Es soll hier nicht auseinandergesetzt werden, wodurch die lange für unüberbrückbar angesehenen Gegensätze zwischen Epik und Dramatik ihre Starre verloren, es soll genügen, wenn darauf hingewiesen wird, daß schon durch technische Errungenschaften die Bühne instandegesetzt wurde, erzählende Elemente den dramatischen Darbietungen einzugliedern. Die Möglichkeit der Projektion, der größeren Verwandlungsfähigkiet der Bühne druch die Motorisierung, der Film vervollständigten die Ausrüstung der Bühne, und sie taten dies in einem Zeitpunkt, da die wichtigsten Vorgänge unter Menschen nicht mehr so einfach dargestellt werden konnten, in dem man die bewegenden Kräfte personifizierte oder die Personen unter unsichtbare, metaphysische Kräfte stellte.

Zum Verständnis der Vorgänge war es nötig geworden, die Umwelt, in der die Menschen lebten, groß und "bedeutend" zur Geltung zu bringen.

Diese Umwelt war natürlich auch im bisherigen Drama gezeigt worden, jedoch nicht als selbständiges Element, sondern nur von der Mittelpunktsfigur des Dramas aus. Sie entstand aus der Reaktion des Helden auf sie. . . .

Die Bühne begann zu erzählen. Nicht mehr fehlte mit der vierten Wand zugleich der Erzähler. Nicht nur der Hintergrund nahm Stellung zu den Vorgängen auf der Bühne, indem er auf großen Tafeln gleichzeitige andere Vorgänge an andern Orten in die Erinnerung rief, Ausprüche von Personen durch projekzierte Dokumente belegte oder widerlegte, zu abstraken Gesprächen sinnlich faßbare, konkrete Zahlen lieferte, zu plastischen, aber in ihrem Sinn undeutlichen Vorgängen Zahlen und Sätze zur Verfügung stellte--auch die Schauspieler vollzogen die Verwandlung nicht vollständig, sondern hielten Abstand zu der von ihnen dargestellen Figur, ja forderten deutlich zur Kritik auf.
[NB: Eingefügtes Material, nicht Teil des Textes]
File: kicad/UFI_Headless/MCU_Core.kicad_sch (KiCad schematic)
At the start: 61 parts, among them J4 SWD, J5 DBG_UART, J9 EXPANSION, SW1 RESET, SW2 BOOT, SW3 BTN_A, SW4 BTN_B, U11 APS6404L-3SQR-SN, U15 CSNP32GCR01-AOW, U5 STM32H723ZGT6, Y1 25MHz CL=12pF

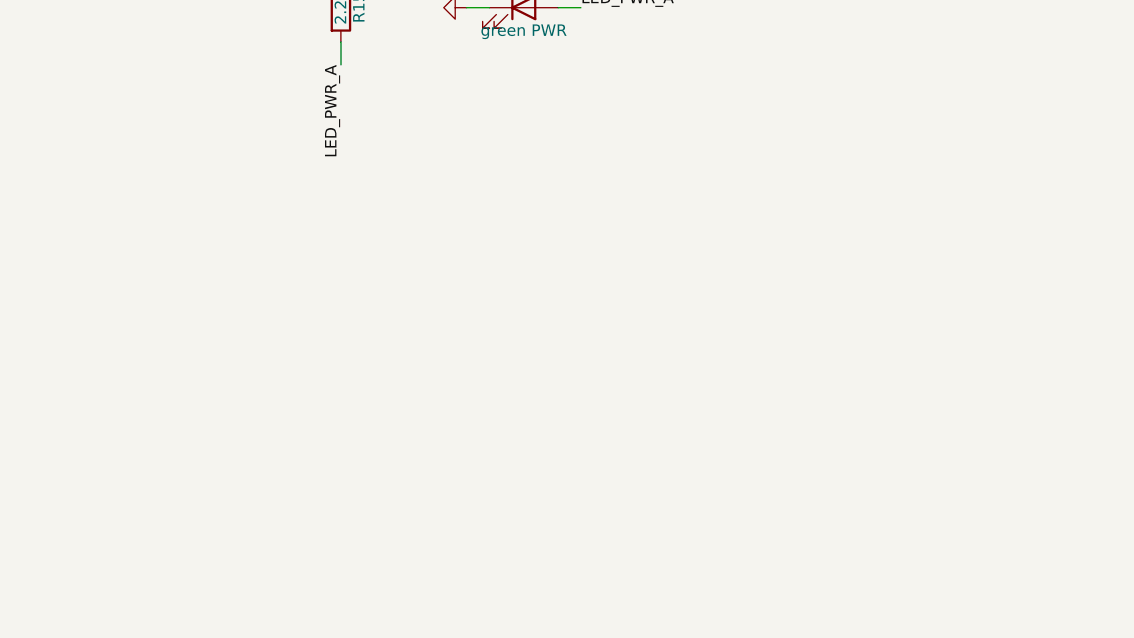
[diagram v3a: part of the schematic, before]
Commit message: v0.6: front panel LED header J12 (2x4, one row per LED) with 330R R34-R37
Enclosure LEDs: 1+/2- PWR (3V3), 3+/4- ACT, 5+/6- FDD, 7+/8- ERR, parallel to the
board LEDs (~4 mA each), no firmware change. Placed top left (22, 9), ECO re-route;
resistor references hidden (new eco/hide_ref.py), '12V DC' label re-placed.
DRC 0 incl. warnings, 0 unconnected, parity clean, no via-in-pad; fab outputs,
README, ordering guide (J12 hand-sourced) and bring-up step 4.6a updated.
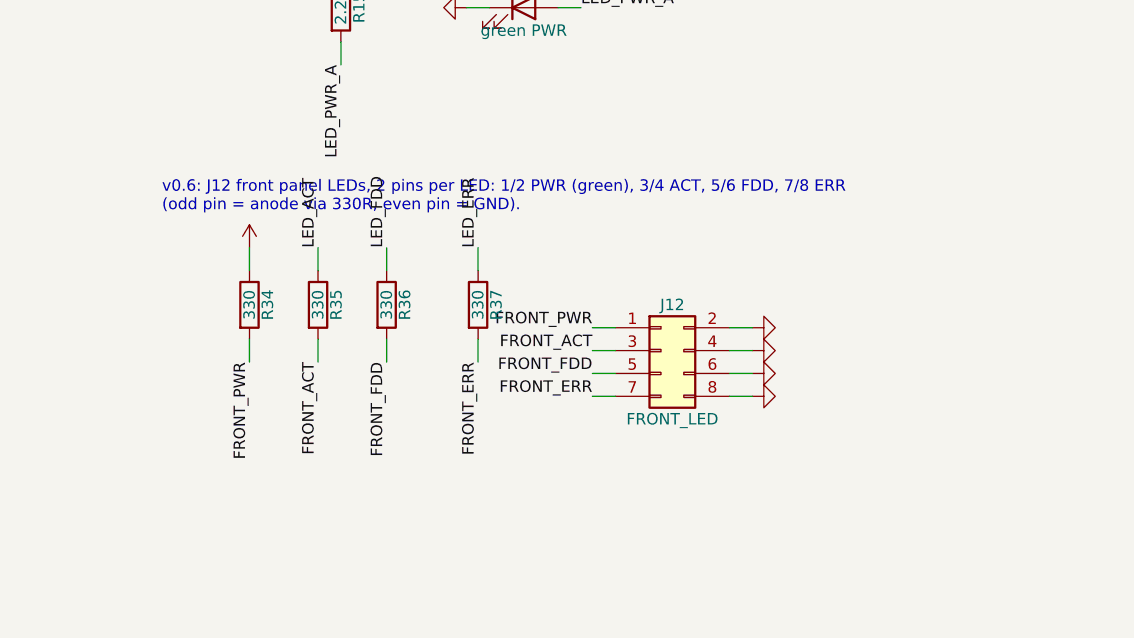
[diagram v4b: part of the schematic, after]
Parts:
- added J12: FRONT_LED, Connector_PinHeader_2.54mm:PinHeader_2x04_P2.54mm_Vertical, symbol Connector_Generic:Conn_02x04_Odd_Even
- added R34, R35, R36, R37: 330, Resistor_SMD:R_0603_1608Metric, symbol Device:R
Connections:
- net +3V3: now also R34.1
- net GND: now also J12.2 (Pin_2), J12.4 (Pin_4), J12.6 (Pin_6), J12.8 (Pin_8)
- net LED_ACT: now also R35.1
- net LED_ERR: now also R37.1
- net LED_FDD: now also R36.1
- new net FRONT_ACT: J12.3 (Pin_3), R35.2
- new net FRONT_ERR: J12.7 (Pin_7), R37.2
- new net FRONT_FDD: J12.5 (Pin_5), R36.2
- new net FRONT_PWR: J12.1 (Pin_1), R34.2
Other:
- note added: "v0.6: J12 front panel LEDs, 2 pins per LED: 1/2 PWR (green), 3/4 ACT, 5/6 FDD, 7/8 ERR (odd pin = anode via 330R, even pin = GND)."

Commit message: v0.6: mode switch header J13; firmware 1.5: Shugart bus DS0-DS3 (4 drives), UFI.CFG
Board: J13 1x3 (pin order = ON-OFF-ON toggle switch: 1 floppy, 2 common 3V3, 3 SD),
parallel to J9 pins 5/6, placed top left (21, 21), ECO re-route, 'MODE 1=FLOP 3=SD'
label; DRC 0 incl. warnings, 0 unconnected, parity clean, no via-in-pad.

Firmware 1.5:
- Shugart bus drive types DS0-DS3 (6-9): select on pins 10/12/14/6 (pin 6 = DRATE line
  through JP1), shared MOTOR ON pin 16; existing type numbers unchanged
- UFI.CFG on the SD NAND (created with defaults): stand-alone drive for dump and USB
  floppy (a/b/amiga/ds0-ds3) and dump tracks/sides/revs; parser tested on the host
- host: drive names ds0-ds3
- docs: J6 Shugart bus (corrects the old 'firmware picks the bus type' claim), J13,
  UFI.CFG, bring-up steps 7.2a/7.2b
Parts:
- added J13: MODE_SW, Connector_PinHeader_2.54mm:PinHeader_1x03_P2.54mm_Vertical, symbol Connector_Generic:Conn_01x03
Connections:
- net +3V3: now also J13.2 (Pin_2)
- net EXP_IO1: now also J13.1 (Pin_1)
- net EXP_IO2: now also J13.3 (Pin_3)

Von keiner Seite wurde es dem Zuschauer weiterhin ermöglicht, durch einfache Einfühlung in dramatische Personen sich kritiklos (und praktisch folgenlos) Erlebnisse hinzugeben. Die Darstellung setzte die Stoffe und Vorgänge einem Entfremdungsprozeß aus. Es war die Entfremdung, welche nötig ist, damit verstanden werden kann. Bei allem "Selbstverständlichen" wird auf das Verstehen einfach verzichtet.

Das "Natürliche" mußte das Moment des Auffälligen bekommen. Nur so konnte die Gesetze von Ursache und Wirkung zu Tage treten. Das Handeln der Menschen mußte zugleich anders sein können.

Das waren große Änderungen.

Der Zuschauer des dramatischen Theaters sagt: Ja, das habe ich auch schon gefühlt. -- So bin ich. -- Da ist nur natürlich. -- Das wird immer so sein. -- Das Leid dieses Menschen erschüttert mich, weil es keinen Ausweg für ihn gibt. -- Das ist große Kunst: da ist alles selbstverständlich. -- Ich weine mit den Weinenden, ich lache mit den Lachenden.

Der Zuschauer des epischen Theaters sagt: Das hätte ich nicht gedacht. -- So darf man es nicht machen. -- Das ist höchst auffällig, fast nicht zu glauben. -- Das muß aufhören. -- Das Leid dieses Menschen erschüttert mich, weil es doch einen Ausweg für ihn gäbe. -- Das ist große Kunst: da ist nichts selbstverständlich. -- Ich lache über den Weinenden, ich weine über den Lachenden.